(Beginning of Information supplied)

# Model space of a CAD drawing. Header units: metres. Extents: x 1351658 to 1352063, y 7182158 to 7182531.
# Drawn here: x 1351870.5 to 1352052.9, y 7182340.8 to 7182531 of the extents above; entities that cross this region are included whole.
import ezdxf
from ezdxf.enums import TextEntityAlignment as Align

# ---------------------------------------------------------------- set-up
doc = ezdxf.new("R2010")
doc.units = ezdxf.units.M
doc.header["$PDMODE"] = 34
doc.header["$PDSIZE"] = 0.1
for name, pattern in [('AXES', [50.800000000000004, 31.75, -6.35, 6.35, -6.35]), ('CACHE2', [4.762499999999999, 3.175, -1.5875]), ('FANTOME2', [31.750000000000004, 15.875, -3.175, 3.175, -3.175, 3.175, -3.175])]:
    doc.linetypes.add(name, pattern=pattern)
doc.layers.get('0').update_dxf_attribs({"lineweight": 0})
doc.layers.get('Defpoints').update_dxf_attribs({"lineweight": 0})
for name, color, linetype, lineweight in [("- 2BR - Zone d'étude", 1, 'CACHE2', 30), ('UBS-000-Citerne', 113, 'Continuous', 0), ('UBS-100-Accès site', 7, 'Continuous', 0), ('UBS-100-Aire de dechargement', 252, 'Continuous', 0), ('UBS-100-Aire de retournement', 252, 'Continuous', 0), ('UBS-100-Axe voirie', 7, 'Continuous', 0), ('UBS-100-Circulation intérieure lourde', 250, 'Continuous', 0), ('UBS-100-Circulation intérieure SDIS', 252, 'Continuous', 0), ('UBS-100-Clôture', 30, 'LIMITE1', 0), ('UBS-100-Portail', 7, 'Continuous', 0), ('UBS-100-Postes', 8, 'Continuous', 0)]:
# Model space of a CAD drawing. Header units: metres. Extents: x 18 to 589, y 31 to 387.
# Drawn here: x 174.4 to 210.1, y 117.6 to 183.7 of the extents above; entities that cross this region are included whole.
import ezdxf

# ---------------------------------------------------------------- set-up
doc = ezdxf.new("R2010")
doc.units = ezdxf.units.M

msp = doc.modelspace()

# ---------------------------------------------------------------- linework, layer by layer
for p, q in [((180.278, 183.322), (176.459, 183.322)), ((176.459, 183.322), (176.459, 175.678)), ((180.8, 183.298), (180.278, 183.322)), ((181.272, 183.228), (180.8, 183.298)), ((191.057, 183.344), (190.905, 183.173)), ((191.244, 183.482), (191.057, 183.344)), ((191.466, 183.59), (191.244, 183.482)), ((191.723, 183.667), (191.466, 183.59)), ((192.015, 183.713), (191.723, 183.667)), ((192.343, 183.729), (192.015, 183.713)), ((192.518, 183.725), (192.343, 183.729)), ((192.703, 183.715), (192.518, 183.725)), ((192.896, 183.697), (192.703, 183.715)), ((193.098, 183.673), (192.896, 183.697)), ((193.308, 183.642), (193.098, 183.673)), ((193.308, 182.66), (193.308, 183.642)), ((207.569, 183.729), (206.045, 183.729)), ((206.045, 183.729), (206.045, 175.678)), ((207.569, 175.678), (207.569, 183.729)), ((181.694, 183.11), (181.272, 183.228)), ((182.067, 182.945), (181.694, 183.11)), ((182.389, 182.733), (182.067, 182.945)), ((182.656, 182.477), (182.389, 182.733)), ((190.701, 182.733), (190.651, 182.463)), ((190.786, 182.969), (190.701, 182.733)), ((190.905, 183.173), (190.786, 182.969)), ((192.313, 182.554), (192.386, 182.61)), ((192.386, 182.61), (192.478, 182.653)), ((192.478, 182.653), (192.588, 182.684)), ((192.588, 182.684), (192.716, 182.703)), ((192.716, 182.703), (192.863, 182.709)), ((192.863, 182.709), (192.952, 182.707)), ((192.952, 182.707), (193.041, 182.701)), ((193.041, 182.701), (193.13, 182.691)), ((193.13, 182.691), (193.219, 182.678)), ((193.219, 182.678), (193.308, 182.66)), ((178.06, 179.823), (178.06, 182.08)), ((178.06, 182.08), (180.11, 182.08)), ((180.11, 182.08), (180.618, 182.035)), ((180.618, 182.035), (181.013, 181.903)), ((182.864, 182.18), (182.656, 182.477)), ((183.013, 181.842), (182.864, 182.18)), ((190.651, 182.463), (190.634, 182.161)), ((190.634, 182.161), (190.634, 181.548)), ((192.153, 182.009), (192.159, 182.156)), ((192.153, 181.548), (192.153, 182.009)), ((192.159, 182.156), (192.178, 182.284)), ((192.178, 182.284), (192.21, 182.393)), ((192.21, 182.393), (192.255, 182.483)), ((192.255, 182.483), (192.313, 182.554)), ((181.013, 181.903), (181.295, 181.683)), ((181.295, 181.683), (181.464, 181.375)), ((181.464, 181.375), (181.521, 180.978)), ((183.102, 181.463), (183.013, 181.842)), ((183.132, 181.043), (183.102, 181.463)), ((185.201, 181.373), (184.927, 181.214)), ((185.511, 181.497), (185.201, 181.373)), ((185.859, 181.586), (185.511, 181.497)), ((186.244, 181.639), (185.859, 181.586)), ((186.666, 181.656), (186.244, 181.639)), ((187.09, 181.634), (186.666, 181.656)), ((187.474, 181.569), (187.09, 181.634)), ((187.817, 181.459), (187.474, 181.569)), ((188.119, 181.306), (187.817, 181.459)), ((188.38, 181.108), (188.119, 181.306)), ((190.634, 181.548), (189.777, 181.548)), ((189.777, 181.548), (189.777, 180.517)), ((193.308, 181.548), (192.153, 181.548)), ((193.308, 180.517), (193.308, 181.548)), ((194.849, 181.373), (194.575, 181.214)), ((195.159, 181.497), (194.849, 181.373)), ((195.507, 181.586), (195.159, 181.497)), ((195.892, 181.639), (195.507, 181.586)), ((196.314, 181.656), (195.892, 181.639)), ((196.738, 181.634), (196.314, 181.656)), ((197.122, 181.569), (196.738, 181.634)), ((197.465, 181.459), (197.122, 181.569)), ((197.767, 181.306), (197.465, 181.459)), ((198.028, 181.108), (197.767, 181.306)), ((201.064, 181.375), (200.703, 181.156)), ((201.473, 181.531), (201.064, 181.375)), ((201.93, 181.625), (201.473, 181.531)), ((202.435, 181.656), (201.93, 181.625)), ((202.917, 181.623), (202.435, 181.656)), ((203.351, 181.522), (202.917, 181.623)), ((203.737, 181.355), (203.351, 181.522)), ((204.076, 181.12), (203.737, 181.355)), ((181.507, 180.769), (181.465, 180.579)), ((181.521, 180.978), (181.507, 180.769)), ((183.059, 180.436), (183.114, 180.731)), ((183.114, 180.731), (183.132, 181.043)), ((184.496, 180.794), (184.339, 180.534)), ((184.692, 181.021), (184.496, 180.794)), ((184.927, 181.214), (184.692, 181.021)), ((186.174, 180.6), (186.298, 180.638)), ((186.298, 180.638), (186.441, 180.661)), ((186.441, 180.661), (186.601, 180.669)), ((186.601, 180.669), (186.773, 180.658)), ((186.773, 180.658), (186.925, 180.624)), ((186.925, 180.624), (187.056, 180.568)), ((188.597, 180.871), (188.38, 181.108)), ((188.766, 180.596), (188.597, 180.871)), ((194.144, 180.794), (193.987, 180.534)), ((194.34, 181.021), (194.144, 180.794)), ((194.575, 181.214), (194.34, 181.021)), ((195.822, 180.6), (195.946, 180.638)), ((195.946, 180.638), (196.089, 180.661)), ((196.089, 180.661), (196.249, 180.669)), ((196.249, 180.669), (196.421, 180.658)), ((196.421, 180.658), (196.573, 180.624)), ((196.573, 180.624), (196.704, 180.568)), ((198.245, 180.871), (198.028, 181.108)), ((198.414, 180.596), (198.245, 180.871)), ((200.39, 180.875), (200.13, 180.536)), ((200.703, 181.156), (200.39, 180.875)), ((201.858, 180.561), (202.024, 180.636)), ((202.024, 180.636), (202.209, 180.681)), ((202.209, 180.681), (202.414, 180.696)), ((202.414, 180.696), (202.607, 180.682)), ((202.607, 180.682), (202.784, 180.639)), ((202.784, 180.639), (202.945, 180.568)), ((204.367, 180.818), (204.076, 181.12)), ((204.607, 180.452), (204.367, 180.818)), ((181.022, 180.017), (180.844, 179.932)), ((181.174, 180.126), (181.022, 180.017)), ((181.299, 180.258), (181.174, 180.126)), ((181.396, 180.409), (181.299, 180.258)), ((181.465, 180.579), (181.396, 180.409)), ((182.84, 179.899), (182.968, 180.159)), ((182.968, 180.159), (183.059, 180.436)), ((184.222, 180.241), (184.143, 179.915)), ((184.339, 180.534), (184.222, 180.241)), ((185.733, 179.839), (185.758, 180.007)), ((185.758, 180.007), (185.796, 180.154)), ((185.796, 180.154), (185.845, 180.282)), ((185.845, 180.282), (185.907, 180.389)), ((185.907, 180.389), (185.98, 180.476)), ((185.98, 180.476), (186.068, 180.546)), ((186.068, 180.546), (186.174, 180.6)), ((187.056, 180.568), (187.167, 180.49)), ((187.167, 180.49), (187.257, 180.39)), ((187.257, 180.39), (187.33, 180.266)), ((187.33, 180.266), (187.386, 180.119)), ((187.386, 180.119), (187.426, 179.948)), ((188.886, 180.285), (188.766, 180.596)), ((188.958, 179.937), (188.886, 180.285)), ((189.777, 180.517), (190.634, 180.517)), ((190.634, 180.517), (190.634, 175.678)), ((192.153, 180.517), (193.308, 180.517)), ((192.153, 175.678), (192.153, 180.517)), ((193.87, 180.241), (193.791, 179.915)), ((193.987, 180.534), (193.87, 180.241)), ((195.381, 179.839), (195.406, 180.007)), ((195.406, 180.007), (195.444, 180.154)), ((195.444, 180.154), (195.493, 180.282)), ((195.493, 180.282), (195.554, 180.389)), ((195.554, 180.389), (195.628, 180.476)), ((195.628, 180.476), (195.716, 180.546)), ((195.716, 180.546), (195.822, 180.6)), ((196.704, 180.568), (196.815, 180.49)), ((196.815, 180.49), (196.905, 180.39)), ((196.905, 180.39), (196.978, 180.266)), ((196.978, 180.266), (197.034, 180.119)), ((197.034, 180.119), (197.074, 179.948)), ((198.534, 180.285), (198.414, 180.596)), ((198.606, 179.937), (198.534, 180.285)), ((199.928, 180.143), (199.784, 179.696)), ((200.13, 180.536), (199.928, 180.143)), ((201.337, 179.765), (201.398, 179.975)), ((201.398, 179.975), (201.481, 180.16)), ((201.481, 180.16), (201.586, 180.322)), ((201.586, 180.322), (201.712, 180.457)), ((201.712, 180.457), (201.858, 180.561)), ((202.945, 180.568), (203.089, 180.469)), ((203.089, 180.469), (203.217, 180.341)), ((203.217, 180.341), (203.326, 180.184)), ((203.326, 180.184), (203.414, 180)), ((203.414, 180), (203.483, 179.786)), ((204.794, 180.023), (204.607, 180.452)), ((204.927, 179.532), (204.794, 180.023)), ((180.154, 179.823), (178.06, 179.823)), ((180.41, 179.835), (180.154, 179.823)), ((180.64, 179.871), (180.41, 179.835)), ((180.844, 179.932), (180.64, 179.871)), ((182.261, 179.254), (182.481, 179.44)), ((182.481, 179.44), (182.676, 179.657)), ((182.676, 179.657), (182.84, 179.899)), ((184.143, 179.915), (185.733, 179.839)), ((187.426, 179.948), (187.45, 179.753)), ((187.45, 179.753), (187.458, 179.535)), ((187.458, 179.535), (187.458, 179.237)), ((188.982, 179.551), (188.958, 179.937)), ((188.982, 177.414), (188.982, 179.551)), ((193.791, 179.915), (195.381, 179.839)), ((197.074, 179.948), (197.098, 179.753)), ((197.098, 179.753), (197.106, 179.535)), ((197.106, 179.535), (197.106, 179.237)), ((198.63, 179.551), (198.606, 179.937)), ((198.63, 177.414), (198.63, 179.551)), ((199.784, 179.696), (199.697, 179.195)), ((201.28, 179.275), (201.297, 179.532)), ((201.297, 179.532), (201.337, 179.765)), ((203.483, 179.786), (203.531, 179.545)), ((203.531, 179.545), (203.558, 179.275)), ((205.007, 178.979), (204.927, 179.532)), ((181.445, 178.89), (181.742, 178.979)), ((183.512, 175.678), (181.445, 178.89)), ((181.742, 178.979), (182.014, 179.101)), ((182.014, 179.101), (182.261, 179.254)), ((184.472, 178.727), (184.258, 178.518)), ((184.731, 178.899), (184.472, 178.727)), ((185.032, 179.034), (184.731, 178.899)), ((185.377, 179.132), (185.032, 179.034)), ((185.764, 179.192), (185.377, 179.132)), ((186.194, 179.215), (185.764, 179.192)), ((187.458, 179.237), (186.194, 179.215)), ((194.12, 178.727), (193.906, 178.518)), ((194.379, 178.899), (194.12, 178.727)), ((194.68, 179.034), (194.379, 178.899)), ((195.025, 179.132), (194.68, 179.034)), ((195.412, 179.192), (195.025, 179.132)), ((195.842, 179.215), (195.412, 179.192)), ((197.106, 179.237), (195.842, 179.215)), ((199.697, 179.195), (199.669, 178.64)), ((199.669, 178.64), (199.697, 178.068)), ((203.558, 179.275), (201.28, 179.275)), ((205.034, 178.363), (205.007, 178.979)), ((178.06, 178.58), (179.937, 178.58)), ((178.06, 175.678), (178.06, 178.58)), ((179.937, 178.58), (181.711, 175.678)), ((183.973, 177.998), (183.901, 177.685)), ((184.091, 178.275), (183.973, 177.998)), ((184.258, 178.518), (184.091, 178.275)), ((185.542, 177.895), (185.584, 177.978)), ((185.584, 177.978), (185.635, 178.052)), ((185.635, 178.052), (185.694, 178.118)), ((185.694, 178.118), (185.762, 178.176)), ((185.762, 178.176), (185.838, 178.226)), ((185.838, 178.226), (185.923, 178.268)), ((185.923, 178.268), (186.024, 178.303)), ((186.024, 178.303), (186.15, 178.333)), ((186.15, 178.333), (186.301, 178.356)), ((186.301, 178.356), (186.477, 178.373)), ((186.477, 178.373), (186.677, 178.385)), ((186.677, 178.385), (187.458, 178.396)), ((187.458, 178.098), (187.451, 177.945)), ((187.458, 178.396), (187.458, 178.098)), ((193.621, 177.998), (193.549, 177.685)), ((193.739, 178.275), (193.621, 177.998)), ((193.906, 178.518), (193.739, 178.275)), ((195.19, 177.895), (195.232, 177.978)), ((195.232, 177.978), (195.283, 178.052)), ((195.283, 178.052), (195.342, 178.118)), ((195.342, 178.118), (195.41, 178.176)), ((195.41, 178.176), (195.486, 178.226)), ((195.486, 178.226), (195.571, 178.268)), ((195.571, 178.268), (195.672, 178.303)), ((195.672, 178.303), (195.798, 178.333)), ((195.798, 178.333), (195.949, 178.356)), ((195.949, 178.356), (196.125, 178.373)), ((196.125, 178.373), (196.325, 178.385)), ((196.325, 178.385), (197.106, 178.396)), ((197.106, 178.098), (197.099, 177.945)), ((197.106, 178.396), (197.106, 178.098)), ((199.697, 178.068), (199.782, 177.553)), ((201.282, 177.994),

(End of Information supplied)

● Your objective
Output only an exact transcription of the lines above from the one with "# Drawn here: x 174.4" up to and including the one with "msp = doc.modelspace()".

● Result of this task
# Drawn here: x 174.4 to 210.1, y 117.6 to 183.7 of the extents above; entities that cross this region are included whole.
import ezdxf

# ---------------------------------------------------------------- set-up
doc = ezdxf.new("R2010")
doc.units = ezdxf.units.M

msp = doc.modelspace()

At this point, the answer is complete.